TO DO: Transcribe exactly everything in the data below from the line containing "#19=CARTESIAN_POINT('',(0.,17.5,0.));" down to the line containing "#31=EDGE_CURVE('E108',#30,#30,#28,.T.);", both lines included and nothing further.

EXERCISE INPUT:
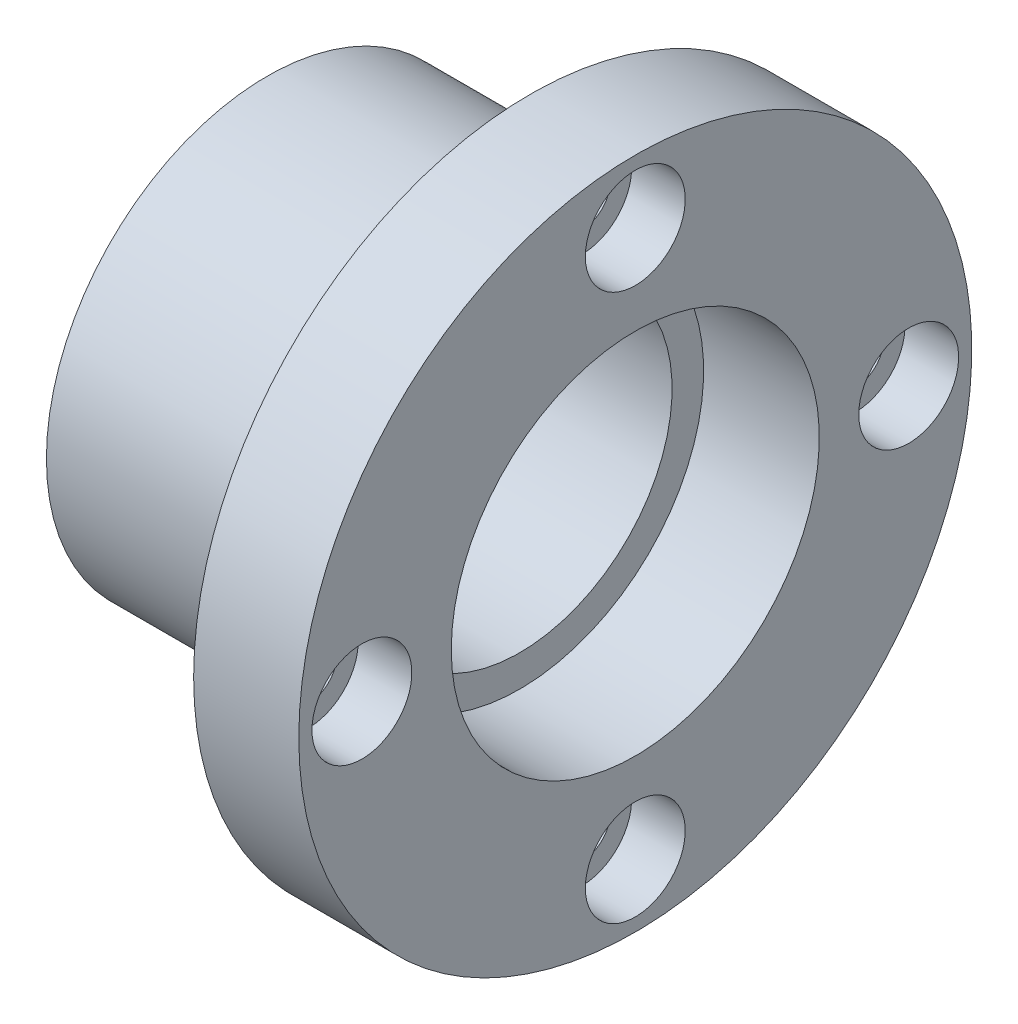
ISO-10303-21;
HEADER;
FILE_DESCRIPTION(('STEP AP214'),'2;1');
FILE_NAME('part.step','',(''),(''),'','','');
FILE_SCHEMA(('AUTOMOTIVE_DESIGN { 1 0 10303 214 1 1 1 1 }'));
ENDSEC;
DATA;
#1=APPLICATION_CONTEXT('core data for automotive mechanical design processes');
#2=APPLICATION_PROTOCOL_DEFINITION('international standard','automotive_design',2000,#1);
#3=PRODUCT_CONTEXT('',#1,'mechanical');
#4=PRODUCT('Part','Part','',(#3));
#5=PRODUCT_RELATED_PRODUCT_CATEGORY('part','',(#4));
#6=PRODUCT_DEFINITION_FORMATION('','',#4);
#7=PRODUCT_DEFINITION_CONTEXT('part definition',#1,'design');
#8=PRODUCT_DEFINITION('design','',#6,#7);
#9=PRODUCT_DEFINITION_SHAPE('','',#8);
#10=(LENGTH_UNIT() NAMED_UNIT(*) SI_UNIT(.MILLI.,.METRE.));
#11=(NAMED_UNIT(*) PLANE_ANGLE_UNIT() SI_UNIT($,.RADIAN.));
#12=(NAMED_UNIT(*) SI_UNIT($,.STERADIAN.) SOLID_ANGLE_UNIT());
#13=UNCERTAINTY_MEASURE_WITH_UNIT(LENGTH_MEASURE(1.E-05),#10,'distance_accuracy_value','');
#14=(GEOMETRIC_REPRESENTATION_CONTEXT(3) GLOBAL_UNCERTAINTY_ASSIGNED_CONTEXT((#13)) GLOBAL_UNIT_ASSIGNED_CONTEXT((#10,
#11,#12)) REPRESENTATION_CONTEXT('',''));
#15=CARTESIAN_POINT('',(0.,0.,0.));
#16=DIRECTION('',(0.,0.,1.));
#17=DIRECTION('',(1.,0.,0.));
#18=AXIS2_PLACEMENT_3D('',#15,#16,#17);
#19=CARTESIAN_POINT('',(0.,17.5,0.));
#20=DIRECTION('',(-1.,0.,0.));
#21=DIRECTION('',(0.,0.,1.));
#22=AXIS2_PLACEMENT_3D('',#19,#20,#21);
#23=PLANE('',#22);
#24=CARTESIAN_POINT('',(0.,0.,26.));
#25=DIRECTION('',(-1.,0.,0.));
#26=DIRECTION('',(0.,0.,1.));
#27=AXIS2_PLACEMENT_3D('',#24,#25,#26);
#28=CIRCLE('',#27,4.75);
#29=CARTESIAN_POINT('',(0.,0.,30.75));
#30=VERTEX_POINT('',#29);
#31=EDGE_CURVE('E108',#30,#30,#28,.T.);
#32=ORIENTED_EDGE('',*,*,#31,.T.);
#33=EDGE_LOOP('',(#32));
#34=FACE_BOUND('',#33,.T.);
#35=CARTESIAN_POINT('',(0.,26.,0.));
#36=DIRECTION('',(-1.,0.,0.));
#37=DIRECTION('',(0.,0.,1.));
#38=AXIS2_PLACEMENT_3D('',#35,#36,#37);
#39=CIRCLE('',#38,4.75);
#40=CARTESIAN_POINT('',(0.,26.,4.75));
#41=VERTEX_POINT('',#40);
#42=EDGE_CURVE('E84',#41,#41,#39,.T.);
#43=ORIENTED_EDGE('',*,*,#42,.T.);
#44=EDGE_LOOP('',(#43));
#45=FACE_BOUND('',#44,.T.);
#46=CARTESIAN_POINT('',(0.,0.,0.));
#47=DIRECTION('',(-1.,0.,0.));
#48=DIRECTION('',(0.,0.,1.));
#49=AXIS2_PLACEMENT_3D('',#46,#47,#48);
#50=CIRCLE('',#49,32.);
#51=CARTESIAN_POINT('',(0.,0.,32.));
#52=VERTEX_POINT('',#51);
#53=EDGE_CURVE('E66',#52,#52,#50,.T.);
#54=ORIENTED_EDGE('',*,*,#53,.F.);
#55=EDGE_LOOP('',(#54));
#56=FACE_BOUND('',#55,.T.);
#57=CARTESIAN_POINT('',(0.,0.,0.));
#58=DIRECTION('',(-1.,0.,0.));
#59=DIRECTION('',(0.,0.,1.));
#60=AXIS2_PLACEMENT_3D('',#57,#58,#59);
#61=CIRCLE('',#60,17.5);
#62=CARTESIAN_POINT('',(0.,0.,17.5));
#63=VERTEX_POINT('',#62);
#64=EDGE_CURVE('E63',#63,#63,#61,.T.);
#65=ORIENTED_EDGE('',*,*,#64,.T.);
#66=EDGE_LOOP('',(#65));
#67=FACE_BOUND('',#66,.T.);
#68=CARTESIAN_POINT('',(0.,0.,-26.));
#69=DIRECTION('',(-1.,0.,0.));
#70=DIRECTION('',(0.,0.,1.));
#71=AXIS2_PLACEMENT_3D('',#68,#69,#70);
#72=CIRCLE('',#71,4.75);
#73=CARTESIAN_POINT('',(0.,0.,-21.25));
#74=VERTEX_POINT('',#73);
#75=EDGE_CURVE('E96',#74,#74,#72,.T.);
#76=ORIENTED_EDGE('',*,*,#75,.T.);
#77=EDGE_LOOP('',(#76));
#78=FACE_BOUND('',#77,.T.);
#79=CARTESIAN_POINT('',(0.,-26.,0.));
#80=DIRECTION('',(-1.,0.,0.));
#81=DIRECTION('',(0.,0.,1.));
#82=AXIS2_PLACEMENT_3D('',#79,#80,#81);
#83=CIRCLE('',#82,4.75);
#84=CARTESIAN_POINT('',(0.,-26.,4.75));
#85=VERTEX_POINT('',#84);
#86=EDGE_CURVE('E120',#85,#85,#83,.T.);
#87=ORIENTED_EDGE('',*,*,#86,.T.);
#88=EDGE_LOOP('',(#87));
#89=FACE_BOUND('',#88,.T.);
#90=ADVANCED_FACE('F37',(#34,#45,#56,#67,#78,#89),#23,.F.);
#91=CARTESIAN_POINT('',(-10.,32.,0.));
#92=DIRECTION('',(1.,0.,0.));
#93=DIRECTION('',(0.,0.,-1.));
#94=AXIS2_PLACEMENT_3D('',#91,#92,#93);
#95=PLANE('',#94);
#96=CARTESIAN_POINT('',(-10.,0.,26.));
#97=DIRECTION('',(-1.,0.,0.));
#98=DIRECTION('',(0.,0.,1.));
#99=AXIS2_PLACEMENT_3D('',#96,#97,#98);
#100=CIRCLE('',#99,2.75);
#101=CARTESIAN_POINT('',(-10.,0.,28.75));
#102=VERTEX_POINT('',#101);
#103=EDGE_CURVE('E99',#102,#102,#100,.T.);
#104=ORIENTED_EDGE('',*,*,#103,.F.);
#105=EDGE_LOOP('',(#104));
#106=FACE_BOUND('',#105,.T.);
#107=CARTESIAN_POINT('',(-10.,26.,0.));
#108=DIRECTION('',(-1.,0.,0.));
#109=DIRECTION('',(0.,0.,1.));
#110=AXIS2_PLACEMENT_3D('',#107,#108,#109);
#111=CIRCLE('',#110,2.75);
#112=CARTESIAN_POINT('',(-10.,26.,2.75));
#113=VERTEX_POINT('',#112);
#114=EDGE_CURVE('E75',#113,#113,#111,.T.);
#115=ORIENTED_EDGE('',*,*,#114,.F.);
#116=EDGE_LOOP('',(#115));
#117=FACE_BOUND('',#116,.T.);
#118=CARTESIAN_POINT('',(-10.,0.,0.));
#119=DIRECTION('',(-1.,0.,0.));
#120=DIRECTION('',(0.,0.,1.));
#121=AXIS2_PLACEMENT_3D('',#118,#119,#120);
#122=CIRCLE('',#121,21.);
#123=CARTESIAN_POINT('',(-10.,0.,21.));
#124=VERTEX_POINT('',#123);
#125=EDGE_CURVE('E72',#124,#124,#122,.T.);
#126=ORIENTED_EDGE('',*,*,#125,.F.);
#127=EDGE_LOOP('',(#126));
#128=FACE_BOUND('',#127,.T.);
#129=CARTESIAN_POINT('',(-10.,0.,0.));
#130=DIRECTION('',(-1.,0.,0.));
#131=DIRECTION('',(0.,0.,1.));
#132=AXIS2_PLACEMENT_3D('',#129,#130,#131);
#133=CIRCLE('',#132,32.);
#134=CARTESIAN_POINT('',(-10.,0.,32.));
#135=VERTEX_POINT('',#134);
#136=EDGE_CURVE('E69',#135,#135,#133,.T.);
#137=ORIENTED_EDGE('',*,*,#136,.T.);
#138=EDGE_LOOP('',(#137));
#139=FACE_BOUND('',#138,.T.);
#140=CARTESIAN_POINT('',(-10.,0.,-26.));
#141=DIRECTION('',(-1.,0.,0.));
#142=DIRECTION('',(0.,0.,1.));
#143=AXIS2_PLACEMENT_3D('',#140,#141,#142);
#144=CIRCLE('',#143,2.75);
#145=CARTESIAN_POINT('',(-10.,0.,-23.25));
#146=VERTEX_POINT('',#145);
#147=EDGE_CURVE('E87',#146,#146,#144,.T.);
#148=ORIENTED_EDGE('',*,*,#147,.F.);
#149=EDGE_LOOP('',(#148));
#150=FACE_BOUND('',#149,.T.);
#151=CARTESIAN_POINT('',(-10.,-26.,0.));
#152=DIRECTION('',(-1.,0.,0.));
#153=DIRECTION('',(0.,0.,1.));
#154=AXIS2_PLACEMENT_3D('',#151,#152,#153);
#155=CIRCLE('',#154,2.75);
#156=CARTESIAN_POINT('',(-10.,-26.,2.75));
#157=VERTEX_POINT('',#156);
#158=EDGE_CURVE('E111',#157,#157,#155,.T.);
#159=ORIENTED_EDGE('',*,*,#158,.F.);
#160=EDGE_LOOP('',(#159));
#161=FACE_BOUND('',#160,.T.);
#162=ADVANCED_FACE('F137',(#106,#117,#128,#139,#150,#161),#95,.F.);
#163=CARTESIAN_POINT('',(0.,0.,0.));
#164=DIRECTION('',(-1.,0.,0.));
#165=DIRECTION('',(0.,0.,1.));
#166=AXIS2_PLACEMENT_3D('',#163,#164,#165);
#167=CYLINDRICAL_SURFACE('',#166,21.);
#168=CARTESIAN_POINT('',(-35.,0.,0.));
#169=DIRECTION('',(-1.,0.,0.));
#170=DIRECTION('',(0.,0.,1.));
#171=AXIS2_PLACEMENT_3D('',#168,#169,#170);
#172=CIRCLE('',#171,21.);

EXERCISE OUTPUT:
#19=CARTESIAN_POINT('',(0.,17.5,0.));
#20=DIRECTION('',(-1.,0.,0.));
#21=DIRECTION('',(0.,0.,1.));
#22=AXIS2_PLACEMENT_3D('',#19,#20,#21);
#23=PLANE('',#22);
#24=CARTESIAN_POINT('',(0.,0.,26.));
#25=DIRECTION('',(-1.,0.,0.));
#26=DIRECTION('',(0.,0.,1.));
#27=AXIS2_PLACEMENT_3D('',#24,#25,#26);
#28=CIRCLE('',#27,4.75);
#29=CARTESIAN_POINT('',(0.,0.,30.75));
#30=VERTEX_POINT('',#29);
#31=EDGE_CURVE('E108',#30,#30,#28,.T.);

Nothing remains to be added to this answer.